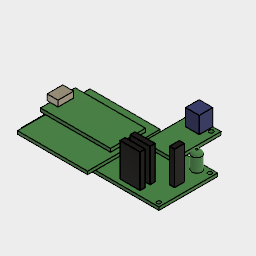
bike_announce_case (Autodesk Fusion 360 archive; units mm, degrees)
design "PCB"
Autodesk Fusion 360 part; units mm, degrees
sketch "Sketch1" plane through (0, 0, 0) normal (0, 0, 1) x (1, 0, 0)
  line L0 (0, 0) -> (70, 0)
  line L1 (70, 0) -> (70, 30)
  line L2 (70, 30) -> (0, 30)
  line L3 (0, 30) -> (0, 0)
  line L4 (0, 15) -> (70, 15) construction
  line L5 (35, 30) -> (35, 0) construction
  circle A0 centre (2, 2) radius 1
  circle A1 centre (2, 28) radius 1
  circle A2 centre (68, 28) radius 1
  circle A3 centre (68, 2) radius 1
  dimension "d1" = 70
  dimension "d2" = 30
  dimension "d22" = 2
  dimension "d23" = 2
  dimension "d24" = 2
  measures "d1" distance of L1.end L2.end
  measures "d2" distance of L0.start L2.end
  measures "d22" diameter of A0
  measures "d23" distance of L0 A0.centre
  measures "d24" distance of L3 A0.centre
extrude "Extrude1" add sketch "Sketch1" along normal blind 1.6 makes body 1
sketch "Sketch5" plane through (0, 0, 1.6) normal (0, 0, 1) x (-1, 0, 0)
  circle A0 centre (-68, -2) radius 1
  circle A1 centre (-2, -2) radius 1
  circle A2 centre (-68, -28) radius 1
  circle A3 centre (-2, -28) radius 1
  line L0 (0, -30) -> (0, 0)
  line L1 (0, 0) -> (-70, 0)
  line L2 (-70, 0) -> (-70, -30)
  line L3 (-70, -30) -> (0, -30)
  line L4 (-47.75, -10.08) -> (-58, -10.08)
  line L5 (-58, -10.08) -> (-58, -7.48)
  line L6 (-58, -7.48) -> (-47.75, -7.48)
  line L7 (-47.75, -7.48) -> (-47.75, -10.08)
  line L8 (-47.75, -5) -> (-58, -5)
  line L9 (-58, -5) -> (-58, -2.4)
  line L10 (-58, -2.4) -> (-47.75, -2.4)
  line L11 (-47.75, -2.4) -> (-47.75, -5)
  line L12 (-58, -3.7) -> (-47.75, -3.7) construction
  line L13 (-47.75, -8.78) -> (-58, -8.78) construction
  line L14 (-62.9, -17.55) -> (-65.5, -17.55)
  line L15 (-65.5, -17.55) -> (-65.5, -12.45)
  line L16 (-65.5, -12.45) -> (-62.9, -12.45)
  line L17 (-62.9, -12.45) -> (-62.9, -17.55)
  line L18 (-62.9, -15) -> (-65.5, -15) construction
  circle A4 centre (-63, -26.3) radius 2.5
  dimension "d25" = 2.6
  dimension "d26" = 10.25
  dimension "d27" = 5.08
  dimension "d28" = 3.7
  dimension "d29" = 12
  dimension "d30" = 2.6
  dimension "d31" = 5.1
  dimension "d32" = 4.5
  dimension "d35" = 5
  dimension "d36" = 3.7
  dimension "d37" = 7
  measures "d25" distance of L4.end L5.end
  measures "d26" distance of L4.start L4.end
  measures "d27" distance of L12 L13
  measures "d28" distance of L1 L12
  measures "d29" distance of L2 L9
  measures "d30" distance of L14.start L14.end
  measures "d31" distance of L14.start L16.end
  measures "d32" distance of L2 L15
  measures "d35" diameter of A4
  measures "d36" distance of L3 A4.centre
  measures "d37" distance of L2 A4.centre
extrude "Extrude5" add sketch "Sketch5" along normal blind 17 separate body contours L4 L5 L6 L7 | L8 L9 L10 L11 | L14 L15 L16 L17 makes body 2 at (51.1667, 10.08, 12.9333) makes body 3 at (51.1667, 5, 12.9333) makes body 4 at (65.5, 15.85, 7.2667)
extrude "Extrude6" add sketch "Sketch5" along normal blind 8.8 separate body contours A4 makes body 5
fillet "Fillet1" radius 2 1 edges at (65.3308, 27.204, 10.4) on bodies 5
ref_plane "WorkPlane1" through (35, 15, 4.1) normal (0, 0, 1) x (1, 0, 0)
sketch "Sketch2" plane through (35, 15, 4.1) normal (0, 0, 1) x (1, 0, 0)
  line L0 (-30.6, 15.5) -> (5.15, 15.5)
  line L1 (5.15, 15.5) -> (5.15, -21.5)
  line L2 (5.15, -21.5) -> (-30.6, -21.5)
  line L3 (-30.6, -21.5) -> (-30.6, 15.5)
  line L4 (-35, 15) -> (-35, -15)
  line L5 (35, 15) -> (-35, 15)
  dimension "d6" = 35.75
  dimension "d7" = 37
  dimension "d8" = 4.4
  dimension "d9" = 0.5
  measures "d6" distance of L0.start L0.end
  measures "d7" distance of L0.start L2.end
  measures "d8" distance of L3 L4
  measures "d9" distance of L0 L5
extrude "Extrude2" add sketch "Sketch2" along normal blind 1.6 separate body makes body 6
ref_plane "WorkPlane2" through (22.275, 12, 8.2) normal (0, 0, 1) x (1, 0, 0)
sketch "Sketch3" plane through (22.275, 12, 8.2) normal (0, 0, 1) x (1, 0, 0)
  line L0 (-17.875, 11) -> (17.875, 11)
  line L1 (17.875, 11) -> (17.875, -6.8)
  line L2 (17.875, -6.8) -> (-17.875, -6.8)
  line L3 (-17.875, -6.8) -> (-17.875, 11)
  line L4 (-17.875, 18.5) -> (-17.875, -18.5)
  line L5 (-17.875, -18.5) -> (-17.875, 18.5)
  line L6 (17.875, -18.5) -> (17.875, 18.5)
  line L7 (17.875, 18.5) -> (17.875, -18.5)
  line L8 (17.875, 18.5) -> (-17.875, 18.5)
  dimension "d13" = 17.8
  dimension "d14" = 7.5
  measures "d13" distance of L0.start L2.end
  measures "d14" distance of L0 L8
extrude "Extrude3" add sketch "Sketch3" along normal blind 1.7 separate body contours L0 L1 L2 L3 L4 L5 L6 L7 makes body 7
sketch "Sketch4" plane through (0, 0, 9.9) normal (0, 0, 1) x (-1, 0, 0)
  line L0 (-4.4, -23) -> (-4.4, -5.2)
  line L1 (-4.4, -5.2) -> (-40.15, -5.2)
  line L2 (-40.15, -5.2) -> (-40.15, -23)
  line L3 (-40.15, -23) -> (-4.4, -23)
  line L4 (-2.9, -18.1) -> (-8.5, -18.1)
  line L5 (-8.5, -18.1) -> (-8.5, -10.1)
  line L6 (-8.5, -10.1) -> (-2.9, -10.1)
  line L7 (-2.9, -10.1) -> (-2.9, -18.1)
  line L8 (-4.4, -14.1) -> (-40.15, -14.1) construction
  dimension "d17" = 5.6
  dimension "d18" = 8
  dimension "d19" = 1.5
  measures "d17" distance of L4.start L4.end
  measures "d18" distance of L4.end L5.end
  measures "d19" distance of L0 L7
extrude "Extrude4" add sketch "Sketch4" along normal blind 3 separate body contours L0 L4 L5 L6 | L0 L4 L6 L7 makes body 8
sketch "Sketch6" plane through (35, 15, 4.1) normal (0, 0, 1) x (1, 0, 0)
  line L0 (6.35, 30) -> (21.7, 30)
  line L1 (21.7, 30) -> (21.7, 5.8)
  line L2 (21.7, 5.8) -> (6.35, 5.8)
  line L3 (6.35, 5.8) -> (6.35, 30)
  circle A0 centre (8.85, 27.5) radius 1.075
  line L4 (14.025, 30) -> (14.025, 5.8) construction
  circle A1 centre (19.2, 27.5) radius 1.075
  line L5 (35, -15) -> (35, 15)
  line L6 (35, 15) -> (-35, 15)
  dimension "d41" = 24.2
  dimension "d42" = 15.35
  dimension "d43" = 2.15
  dimension "d44" = 2.5
  dimension "d45" = 2.5
  dimension "d52" = 13.3
  dimension "d53" = 12.5
  measures "d41" distance of L0.end L1.end
  measures "d42" distance of L0.start L0.end
  measures "d43" diameter of A0
  measures "d44" distance of L3 A0.centre
  measures "d45" distance of L0 A0.centre
  measures "d52" distance of L1 L5
  measures "d53" distance of A1.centre L6
extrude "Extrude7" add sketch "Sketch6" along normal blind 1.65 separate body makes body 9
sketch "Sketch7" plane through (0, 0, 5.75) normal (0, 0, 1) x (-1, 0, 0)
  circle A0 centre (-54.2, -42.5) radius 1.075
  circle A1 centre (-43.85, -42.5) radius 1.075
  line L0 (-41.35, -20.8) -> (-56.7, -20.8)
  line L1 (-56.7, -20.8) -> (-56.7, -45)
  line L2 (-56.7, -45) -> (-41.35, -45)
  line L3 (-41.35, -45) -> (-41.35, -20.8)
  line L4 (-45.525, -45) -> (-52.525, -45)
  line L5 (-52.525, -45) -> (-52.525, -38)
  line L6 (-52.525, -38) -> (-45.525, -38)
  line L7 (-45.525, -38) -> (-45.525, -45)
  line L8 (-49.025, -45) -> (-49.025, -38) construction
  dimension "d48" = 7
  dimension "d49" = 7
  measures "d48" distance of L4.start L4.end
  measures "d49" distance of L4.end L5.end
extrude "Extrude8" add sketch "Sketch7" along normal blind 8.5 separate body contours L2 L4 L5 L6 L7 makes body 10
equation "d27 = ( 2.54 * 2 ) * 1 mm"
named bodies: "Main PCB", "Audio PCB", "Teensy 3.1", "uUSB", "RGB LED Header", "Touch Header", "Power Header", "Green LED", "Amp PCB", "Amp Terminal"

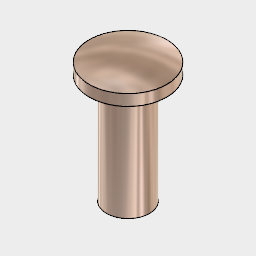
design "touch button"
Autodesk Fusion 360 part; units mm, degrees
sketch "Sketch1" plane through (0, 0, 0) normal (0, 1, 0) x (1, 0, 0)
  line L0 (0, 0) -> (2.8, 0)
  line L1 (2.8, 0) -> (2.8, -1.25)
  line L2 (2.8, -1.25) -> (0, -1.25)
  line L3 (0, -1.25) -> (0, 0)
  line L4 (0, 0) -> (1.55, 0)
  line L5 (1.55, 0) -> (1.55, 7.9)
  line L6 (1.55, 7.9) -> (0, 7.9)
  line L7 (0, 7.9) -> (0, 0)
  arc A0 (-2.8, -0.8) -> (2.8, -0.8) centre (0, 7.6861) ccw
  line L8 (2.8, -0.8) -> (-2.8, -0.8)
  dimension "d1" = 3.1
  dimension "d2" = 5.6
  dimension "d3" = 7.9
  dimension "d4" = 1.25
  dimension "d5" = 0.8
  measures "d3" distance of L4.end L5.end
  measures "d4" distance of L0.end L1.end
  measures "d5" distance of L0 L8
revolve "Revolve1" add sketch "Sketch1" angle 360 about axis through (0, 0, -7.9) along (0, 0, 1) contours L0 L4 L5 L6 L7 | L0 L1 L3 L4 L8 | L3 A0 L8 picked at (0.3158, -1.0832)

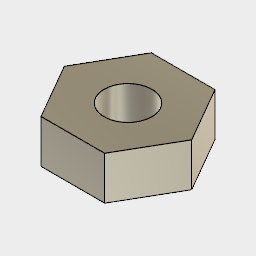
design "clamp nut"
Autodesk Fusion 360 part; units mm, degrees
sketch "Sketch1" plane through (0, 0, 0) normal (0, 0, 1) x (1, 0, 0)
  circle A0 centre (0, 0) radius 3.125 construction
  line L0 (0, 0) -> (0, 3.125) construction
  circle A1 centre (0, 0) radius 1.35
  line L1 (-1.8042, 3.125) -> (-3.6084, 0)
  line L2 (-3.6084, 0) -> (-1.8042, -3.125)
  line L3 (-1.8042, -3.125) -> (1.8042, -3.125)
  line L4 (1.8042, -3.125) -> (3.6084, 0)
  line L5 (3.6084, 0) -> (1.8042, 3.125)
  line L6 (1.8042, 3.125) -> (-1.8042, 3.125)
  dimension "d1" = 6.25
  dimension "d3" = 2.7
  measures "d1" diameter of A0
  measures "d3" diameter of A1
extrude "Extrude1" add sketch "Sketch1" along normal blind 2.45

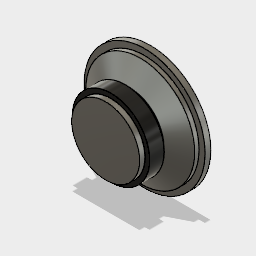
design "speaker"
Autodesk Fusion 360 part; units mm, degrees
sketch "Sketch1" plane through (0, 0, 0) normal (0, 1, 0) x (1, 0, 0)
  line L0 (0, 0) -> (1.1473, 0)
  line L1 (1.1473, 0) -> (25, 0)
  line L2 (25, 0) -> (25, -2.4)
  line L3 (25, -2.4) -> (22.5, -2.4)
  line L4 (22.5, -2.4) -> (22.5, -4.2)
  line L5 (22.5, -4.2) -> (14.05, -8.5)
  line L6 (14.05, -8.5) -> (14.05, -18.5)
  line L7 (14.05, -18.5) -> (0, -18.5)
  line L8 (0, -18.5) -> (0, 0)
  line L9 (14.05, -16.3) -> (16, -16.3)
  line L10 (16, -16.3) -> (16, -10.3)
  line L11 (16, -10.3) -> (14.05, -10.3)
  line L12 (14.05, -10.3) -> (14.05, -16.3)
  dimension "d53" = 50
  dimension "d54" = 2.4
  dimension "d55" = 2.5
  dimension "d56" = 1.8
  dimension "d57" = 28.1
  dimension "d58" = 10
  dimension "d59" = 18.5
  dimension "d60" = 32
  dimension "d61" = 2.2
  dimension "d62" = 6
  dimension "d137" = 0
  dimension "d138" = 0
  dimension "d139" = 0
  dimension "d140" = 0
  dimension "d166" = 0
  dimension "d167" = 0
  dimension "d168" = 0
  dimension "d169" = 0
  dimension "d175" = 0
  dimension "d176" = 0
  dimension "d177" = 0
  dimension "d178" = 0
  dimension "d183" = 0
  dimension "d184" = 0
  dimension "d185" = 0
  dimension "d186" = 0
  measures "d54" distance of L1.end L2.end
  measures "d55" distance of L2.end L3.end
  measures "d56" distance of L3.end L4.end
  measures "d58" distance of L5.end L6.end
  measures "d59" distance of L7.end L0.start
  measures "d61" distance of L6.end L9
  measures "d62" distance of L9.end L10.end
revolve "Revolve1" add sketch "Sketch1" angle 360 about axis through (0, 0, 18.5) along (0, 0, -1)
named bodies: "speaker"

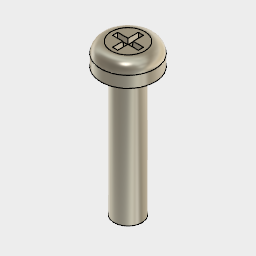
design "clamp bolt"
Autodesk Fusion 360 part; units mm, degrees
sketch "Sketch1" plane through (0, 0, 0) normal (0, 1, 0) x (1, 0, 0)
  line L0 (0, 0) -> (2.625, 0)
  line L1 (2.625, 0) -> (2.625, -2.1)
  line L2 (2.625, -2.1) -> (0, -2.1)
  line L3 (0, -2.1) -> (0, 0)
  line L4 (0, 0) -> (1.35, 0)
  line L5 (1.35, 0) -> (1.35, 12.45)
  line L6 (1.35, 12.45) -> (0, 12.45)
  line L7 (0, 12.45) -> (0, 0)
  dimension "d1" = 2.7
  dimension "d2" = 5.25
  dimension "d3" = 2.1
  dimension "d4" = 12.45
  measures "d3" distance of L0.end L1.end
  measures "d4" distance of L4.end L5.end
revolve "Revolve1" add sketch "Sketch1" angle 360 about axis through (0, 0, 1.75) along (0, 0, 1)
fillet "Fillet1" radius 1 1 edges at (-2.4474, -0.9492, 2.1)
sketch "Sketch2" plane through (0, 0, 2.1) normal (0, 0, 1) x (-1, 0, 0)
  circle A0 centre (0, 0) radius 1.625
  line L0 (0, 0) -> (-1.25, 0)
  line L1 (-1.25, 0) -> (-1.25, -0.25)
  line L2 (-1.25, -0.25) -> (0, -0.25)
  line L3 (0, -0.25) -> (0, 0)
  line L4 (-1.25, 0.25) -> (0, 0.25)
  line L5 (-1.25, 0) -> (-1.25, 0.25)
  line L6 (-0.25, -1.25) -> (-0.25, 0)
  line L7 (0, -1.25) -> (-0.25, -1.25)
  line L8 (0, -1.25) -> (0.25, -1.25)
  line L9 (0.25, -1.25) -> (0.25, 0)
  line L10 (1.25, -0.25) -> (0, -0.25)
  line L11 (1.25, 0) -> (1.25, -0.25)
  line L12 (1.25, 0) -> (1.25, 0.25)
  line L13 (1.25, 0.25) -> (0, 0.25)
  line L14 (0.25, 1.25) -> (0.25, 0)
  line L15 (0, 1.25) -> (0.25, 1.25)
  line L16 (0, 1.25) -> (-0.25, 1.25)
  line L17 (-0.25, 1.25) -> (-0.25, 0)
  dimension "d7" = 0.5
  dimension "d8" = 2.5
  dimension "d10" = 360
extrude "Extrude1" cut sketch "Sketch2" against normal blind 0.5 draft -5 contours L0 L2 L3 L6 | L0 L3 L4 L9 L10 L13 L14 L17 | L0 L1 L2 L6 | L0 L4 L5 L17 | L2 L6 L7 L8 L9 L10 | L4 L13 L14 L15 L16 L17 | L9 L10 L11 L12 L13 L14

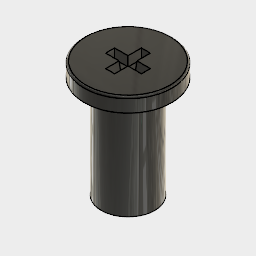
design "case screw"
Autodesk Fusion 360 part; units mm, degrees
sketch "Sketch1" plane through (0, 0, 0) normal (0, 1, 0) x (1, 0, 0)
  line L0 (0, 0) -> (2.45, 0)
  line L1 (2.45, 0) -> (2.45, -0.8)
  line L2 (2.45, -0.8) -> (0, -0.8)
  line L3 (0, -0.8) -> (0, 0)
  line L4 (0, 0) -> (1.495, 0)
  line L5 (1.495, 0) -> (1.495, 5.7)
  line L6 (1.495, 5.7) -> (0, 5.7)
  line L7 (0, 5.7) -> (0, 0)
  dimension "d1" = 4.9
  dimension "d2" = 2.99
  dimension "d3" = 5.7
  dimension "d4" = 0.8
  measures "d3" distance of L4.end L5.end
  measures "d4" distance of L0.end L1.end
revolve "Revolve1" add sketch "Sketch1" angle 360 about axis through (0, 0, 1.75) along (0, 0, 1)
fillet "Fillet1" radius 0.1 1 edges at (-2.2842, -0.886, 0.8)
sketch "Sketch2" plane through (0, 0, 0.8) normal (0, 0, 1) x (-1, 0, 0)
  circle A0 centre (0, 0) radius 2.35
  line L0 (0, 0) -> (-1, 0)
  line L1 (-1, 0) -> (-1, 0.25)
  line L2 (-1, 0.25) -> (0, 0.25)
  line L3 (0, 0.25) -> (0, 0)
  line L4 (-1, 0) -> (-1, -0.25)
  line L5 (-1, -0.25) -> (0, -0.25)
  line L6 (0, -0.25) -> (0, 0)
  line L7 (-0.25, -1) -> (-0.25, 0)
  line L8 (0, -1) -> (0.25, -1)
  line L9 (0, -1) -> (-0.25, -1)
  line L10 (0.25, -1) -> (0.25, 0)
  line L11 (1, -0.25) -> (0, -0.25)
  line L12 (1, 0) -> (1, 0.25)
  line L13 (1, 0) -> (1, -0.25)
  line L14 (1, 0.25) -> (0, 0.25)
  line L15 (0.25, 1) -> (0.25, 0)
  line L16 (0, 1) -> (-0.25, 1)
  line L17 (0, 1) -> (0.25, 1)
  line L18 (-0.25, 1) -> (-0.25, 0)
  dimension "d7" = 0.5
  dimension "d8" = 2
  dimension "d10" = 360
extrude "Extrude1" cut sketch "Sketch2" against normal blind 0.5 draft -5 contours L0 L5 L6 L7 | L0 L2 L3 L18 | L3 L6 L10 L11 L14 L15 | L0 L4 L5 L7 | L0 L1 L2 L18 | L2 L14 L15 L16 L17 L18 | L5 L7 L8 L9 L10 L11 | L10 L11 L12 L13 L14 L15

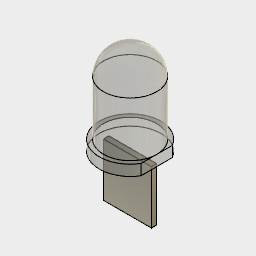
design "RGB LED"
Autodesk Fusion 360 part; units mm, degrees
sketch "Sketch1" plane through (0, 0, 0) normal (0, 1, 0) x (1, 0, 0)
  line L0 (0, 0) -> (2.9, 0)
  line L1 (2.9, 0) -> (2.9, -1)
  line L2 (2.9, -1) -> (0, -1)
  line L3 (0, -1) -> (0, 0)
  line L4 (0, -1) -> (2.5, -1)
  line L5 (2.5, -1) -> (2.5, -6.1)
  line L6 (2.5, -6.1) -> (0, -6.1)
  line L7 (0, -6.1) -> (0, -1)
  arc A0 (0, -8.6) -> (2.5, -6.1) centre (0, -6.1) ccw
  line L8 (0, -6.1) -> (0, -8.6)
  dimension "d2" = 5
  dimension "d3" = 5.8
  dimension "d4" = 1
  dimension "d5" = 8.6
  measures "d4" distance of L0.end L1.end
  measures "d5" distance of L0 A0.start
revolve "Revolve1" add sketch "Sketch1" angle 360 about axis through (0, 0, 6.1) along (0, 0, -1) makes body 1
sketch "Sketch2" plane through (0, 0, 0) normal (0, 0, -1) x (1, 0, 0)
  circle A0 centre (0, 0) radius 2.9
  circle A1 centre (0, 0) radius 2.5
  line L0 (2.5, -1.4697) -> (2.5, 1.4697)
  line L1 (0, 0) -> (2.25, 0)
  line L2 (2.25, 0) -> (2.25, 0.25)
  line L3 (2.25, 0.25) -> (0, 0.25)
  line L4 (0, 0.25) -> (0, 0)
  line L5 (2.25, -0.25) -> (0, -0.25)
  line L6 (0, -0.25) -> (0, 0)
  line L7 (2.25, 0) -> (2.25, -0.25)
  line L8 (-2.25, 0.25) -> (0, 0.25)
  line L9 (-2.25, 0) -> (-2.25, 0.25)
  line L10 (-2.25, 0) -> (-2.25, -0.25)
  line L11 (-2.25, -0.25) -> (0, -0.25)
  dimension "d7" = 4.5
  dimension "d8" = 0.5
extrude "Extrude1" cut sketch "Sketch2" against normal through all contours A0 L0 picked at (2.7581, -0.1281) bodies 1
extrude "Extrude2" add sketch "Sketch2" along normal blind 5 separate body contours L1 L2 L3 L4 | L4 L6 L8 L9 L10 L11 | L1 L5 L6 L7 makes body 2
named bodies: "LED_body", "LED_legs"

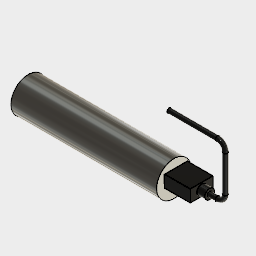
design "usb power bank"
Autodesk Fusion 360 part; units mm, degrees
sketch "Sketch1" plane through (0, 0, 0) normal (1, 0, 0) x (0, 1, 0)
  circle A0 centre (0, 0) radius 10.95
  dimension "d64" = 21.9
  measures "d64" diameter of A0
extrude "Extrude1" add sketch "Sketch1" along normal blind 92.1 makes body 1
sketch "Sketch2" plane through (92.1, 0, 0) normal (1, 0, 0) x (0, 1, 0)
  circle A0 centre (0, 0) radius 10.95
  line L0 (-6.25, 5.35) -> (6.25, 5.35)
  line L1 (6.25, 5.35) -> (6.25, 0.35)
  line L2 (6.25, 0.35) -> (-6.25, 0.35)
  line L3 (-6.25, 0.35) -> (-6.25, 5.35)
  line L4 (-3.625, -2.4) -> (3.625, -2.4)
  line L5 (3.625, -2.4) -> (3.625, -4.65)
  line L6 (3.625, -4.65) -> (-3.625, -4.65)
  line L7 (-3.625, -4.65) -> (-3.625, -2.4)
  line L8 (0, -10.95) -> (0, 10.95) construction
  dimension "d67" = 12.5
  dimension "d68" = 5
  dimension "d69" = 5.6
  dimension "d70" = 7.25
  dimension "d71" = 2.25
  dimension "d72" = 2.75
  measures "d67" distance of L0.start L0.end
  measures "d68" distance of L0.end L1.end
  measures "d69" distance of L0 L8.end
  measures "d70" distance of L5.end L6.end
  measures "d71" distance of L4.end L5.end
  measures "d72" distance of L2 L4
extrude "Extrude2" cut sketch "Sketch2" against normal blind 14 contours L0 L1 L2 L3 | L4 L5 L6 L7 bodies 1
sketch "Sketch3" plane through (92.1, 0, 0) normal (1, 0, 0) x (0, 1, 0)
  line L0 (6.25, 5.35) -> (6.25, 0.35)
  line L1 (6.25, 0.35) -> (-6.25, 0.35)
  line L2 (-6.25, 0.35) -> (-6.25, 5.35)
  line L3 (-6.25, 5.35) -> (6.25, 5.35)
  line L4 (3.625, -2.4) -> (3.625, -4.65)
  line L5 (3.625, -4.65) -> (-3.625, -4.65)
  line L6 (-3.625, -4.65) -> (-3.625, -2.4)
  line L7 (-3.625, -2.4) -> (3.625, -2.4)
  circle A0 centre (0, 0) radius 10.95
  line L8 (-6.025, 5.1) -> (6.025, 5.1)
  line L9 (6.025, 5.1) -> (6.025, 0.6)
....
** What you will do **
Wherever "design" occurs in the records above, copy the line it sits in.

** Your response **
design "PCB"
design "touch button"
design "clamp nut"
design "speaker"
design "clamp bolt"
design "case screw"
design "RGB LED"
design "usb power bank"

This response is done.